◆ **Exercise brief**
Transcribe word for word the lines below from the line with "#12391 = LINE ( 'NONE', #23469, #25429 ) ;" through the line with "#13507 = CARTESIAN_POINT", ends included.

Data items
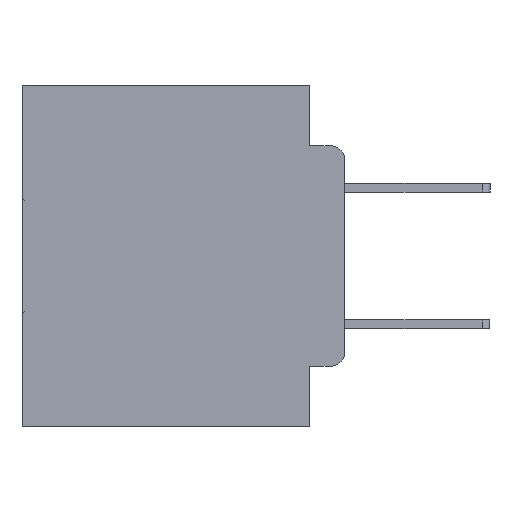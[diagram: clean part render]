
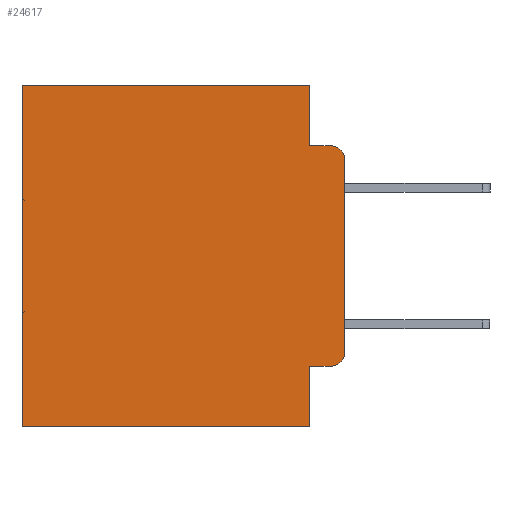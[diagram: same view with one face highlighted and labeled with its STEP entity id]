
A CAD part, left-side view. The second image highlights one B-rep face of the part: STEP entity #24617.
In plain terms, the highlighted planar face has unit normal (-1, 0, 0).
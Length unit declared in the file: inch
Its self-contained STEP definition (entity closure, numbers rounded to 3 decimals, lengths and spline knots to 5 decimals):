
#94 = CARTESIAN_POINT ( 'NONE',  ( 0.298, 0., -0.1085 ) ) ;
#455 = LINE ( 'NONE', #26416, #19651 ) ;
#481 = EDGE_LOOP ( 'NONE', ( #25775, #10320, #19513, #14355, #6982, #19496, #2582, #22576, #26851, #28201 ) ) ;
#827 = VERTEX_POINT ( 'NONE', #94 ) ;
#1891 = LINE ( 'NONE', #6780, #13701 ) ;
#2403 = EDGE_CURVE ( 'NONE', #23399, #28618, #31111, .T. ) ;
#2582 = ORIENTED_EDGE ( 'NONE', *, *, #5450, .F. ) ;
#2828 = VERTEX_POINT ( 'NONE', #3476 ) ;
#3476 = CARTESIAN_POINT ( 'NONE',  ( 0.298, 0.02, -0.4115 ) ) ;
#4811 = VECTOR ( 'NONE', #27144, 39.37008 ) ;
#5450 = EDGE_CURVE ( 'NONE', #10339, #25272, #30222, .T. ) ;
#5484 = CARTESIAN_POINT ( 'NONE',  ( 0.298, 0.051, -0.5 ) ) ;
#5502 = CARTESIAN_POINT ( 'NONE',  ( 0.298, 0.051, -0.0885 ) ) ;
#6046 = DIRECTION ( 'NONE',  ( 1., 0., 0. ) ) ;
#6493 = FACE_OUTER_BOUND ( 'NONE', #481, .T. ) ;
#6568 = CARTESIAN_POINT ( 'NONE',  ( 0.298, 0.473, 0. ) ) ;
#6780 = CARTESIAN_POINT ( 'NONE',  ( 0.298, 0., 0. ) ) ;
#6845 = CARTESIAN_POINT ( 'NONE',  ( 0.298, 0., 0. ) ) ;
#6982 = ORIENTED_EDGE ( 'NONE', *, *, #2403, .T. ) ;
#8679 = DIRECTION ( 'NONE',  ( 0., 0., -1. ) ) ;
#10031 = LINE ( 'NONE', #28129, #29563 ) ;
#10320 = ORIENTED_EDGE ( 'NONE', *, *, #23802, .T. ) ;
#10332 = VECTOR ( 'NONE', #31359, 39.37008 ) ;
#10339 = VERTEX_POINT ( 'NONE', #5484 ) ;
#10624 = EDGE_CURVE ( 'NONE', #11618, #2828, #455, .T. ) ;
#10869 = VECTOR ( 'NONE', #19219, 39.37008 ) ;
#10922 = CIRCLE ( 'NONE', #16376, 0.02 ) ;
#11493 = EDGE_CURVE ( 'NONE', #2828, #22143, #10922, .T. ) ;
#11618 = VERTEX_POINT ( 'NONE', #11662 ) ;
#11662 = CARTESIAN_POINT ( 'NONE',  ( 0.298, 0.051, -0.4115 ) ) ;
#12391 = LINE ( 'NONE', #23469, #25429 ) ;
#12448 = CARTESIAN_POINT ( 'NONE',  ( 0.298, 0., -0.5 ) ) ;
#12684 = DIRECTION ( 'NONE',  ( -1., 0., 0. ) ) ;
#13480 = DIRECTION ( 'NONE',  ( 0., 0., -1. ) ) ;
#13507 = CARTESIAN_POINT ( 'NONE',  ( 0.298, 0., 0. ) ) ;
#13701 = VECTOR ( 'NONE', #21621, 39.37008 ) ;
#13732 = CARTESIAN_POINT ( 'NONE',  ( 0.298, 0.02, -0.3915 ) ) ;
#13953 = EDGE_CURVE ( 'NONE', #11618, #10339, #10031, .T. ) ;
#14355 = ORIENTED_EDGE ( 'NONE', *, *, #18881, .F. ) ;
#14434 = CARTESIAN_POINT ( 'NONE',  ( 0.298, 0.473, 0. ) ) ;
#14576 = LINE ( 'NONE', #14434, #20325 ) ;
#15607 = EDGE_CURVE ( 'NONE', #28618, #25272, #14576, .T. ) ;
#15943 = CARTESIAN_POINT ( 'NONE',  ( 0.298, 0.473, -0.5 ) ) ;
#16188 = DIRECTION ( 'NONE',  ( 0., 0., -1. ) ) ;
#16376 = AXIS2_PLACEMENT_3D ( 'NONE', #13732, #30754, #16188 ) ;
#16418 = AXIS2_PLACEMENT_3D ( 'NONE', #27360, #12684, #29762 ) ;
#18222 = CARTESIAN_POINT ( 'NONE',  ( 0.298, 0., -0.3915 ) ) ;
#18268 = CIRCLE ( 'NONE', #16418, 0.02 ) ;
#18881 = EDGE_CURVE ( 'NONE', #23399, #24475, #12391, .T. ) ;
#19219 = DIRECTION ( 'NONE',  ( 0., 1., 0. ) ) ;
#19496 = ORIENTED_EDGE ( 'NONE', *, *, #15607, .T. ) ;
#19513 = ORIENTED_EDGE ( 'NONE', *, *, #20525, .F. ) ;
#19651 = VECTOR ( 'NONE', #31244, 39.37008 ) ;
#20325 = VECTOR ( 'NONE', #29061, 39.37008 ) ;
#20525 = EDGE_CURVE ( 'NONE', #24475, #27858, #30579, .T. ) ;
#20912 = PLANE ( 'NONE',  #31505 ) ;
#21621 = DIRECTION ( 'NONE',  ( 0., 0., -1. ) ) ;
#22143 = VERTEX_POINT ( 'NONE', #18222 ) ;
#22576 = ORIENTED_EDGE ( 'NONE', *, *, #13953, .F. ) ;
#23371 = DIRECTION ( 'NONE',  ( 0., 0., -1. ) ) ;
#23399 = VERTEX_POINT ( 'NONE', #28110 ) ;
#23469 = CARTESIAN_POINT ( 'NONE',  ( 0.298, 0.051, 0. ) ) ;
#23802 = EDGE_CURVE ( 'NONE', #827, #27858, #18268, .T. ) ;
#24084 = CARTESIAN_POINT ( 'NONE',  ( 0.298, 0.051, -0.0885 ) ) ;
#24475 = VERTEX_POINT ( 'NONE', #5502 ) ;
#24617 = ADVANCED_FACE ( 'NONE', ( #6493 ), #20912, .F. ) ;
#25272 = VERTEX_POINT ( 'NONE', #15943 ) ;
#25285 = CARTESIAN_POINT ( 'NONE',  ( 0.298, 0.02, -0.0885 ) ) ;
#25429 = VECTOR ( 'NONE', #8679, 39.37008 ) ;
#25775 = ORIENTED_EDGE ( 'NONE', *, *, #28679, .F. ) ;
#26416 = CARTESIAN_POINT ( 'NONE',  ( 0.298, 0.051, -0.4115 ) ) ;
#26851 = ORIENTED_EDGE ( 'NONE', *, *, #10624, .T. ) ;
#27144 = DIRECTION ( 'NONE',  ( 0., 1., 0. ) ) ;
#27360 = CARTESIAN_POINT ( 'NONE',  ( 0.298, 0.02, -0.1085 ) ) ;
#27858 = VERTEX_POINT ( 'NONE', #25285 ) ;
#28110 = CARTESIAN_POINT ( 'NONE',  ( 0.298, 0.051, 0. ) ) ;
#28129 = CARTESIAN_POINT ( 'NONE',  ( 0.298, 0.051, 0. ) ) ;
#28201 = ORIENTED_EDGE ( 'NONE', *, *, #11493, .T. ) ;
#28618 = VERTEX_POINT ( 'NONE', #6568 ) ;
#28679 = EDGE_CURVE ( 'NONE', #827, #22143, #1891, .T. ) ;
#29061 = DIRECTION ( 'NONE',  ( 0., 0., -1. ) ) ;
#29563 = VECTOR ( 'NONE', #13480, 39.37008 ) ;
#29762 = DIRECTION ( 'NONE',  ( 0., 0., -1. ) ) ;
#30222 = LINE ( 'NONE', #12448, #4811 ) ;
#30579 = LINE ( 'NONE', #24084, #10332 ) ;
#30754 = DIRECTION ( 'NONE',  ( -1., 0., 0. ) ) ;
#31111 = LINE ( 'NONE', #6845, #10869 ) ;
#31244 = DIRECTION ( 'NONE',  ( 0., -1., 0. ) ) ;
#31359 = DIRECTION ( 'NONE',  ( 0., -1., 0. ) ) ;
#31505 = AXIS2_PLACEMENT_3D ( 'NONE', #13507, #6046, #23371 ) ;

◆ **Completed task**
#12391 = LINE ( 'NONE', #23469, #25429 ) ;
#12448 = CARTESIAN_POINT ( 'NONE',  ( 0.298, 0., -0.5 ) ) ;
#12684 = DIRECTION ( 'NONE',  ( -1., 0., 0. ) ) ;
#13480 = DIRECTION ( 'NONE',  ( 0., 0., -1. ) ) ;
#13507 = CARTESIAN_POINT ( 'NONE',  ( 0.298, 0., 0. ) ) ;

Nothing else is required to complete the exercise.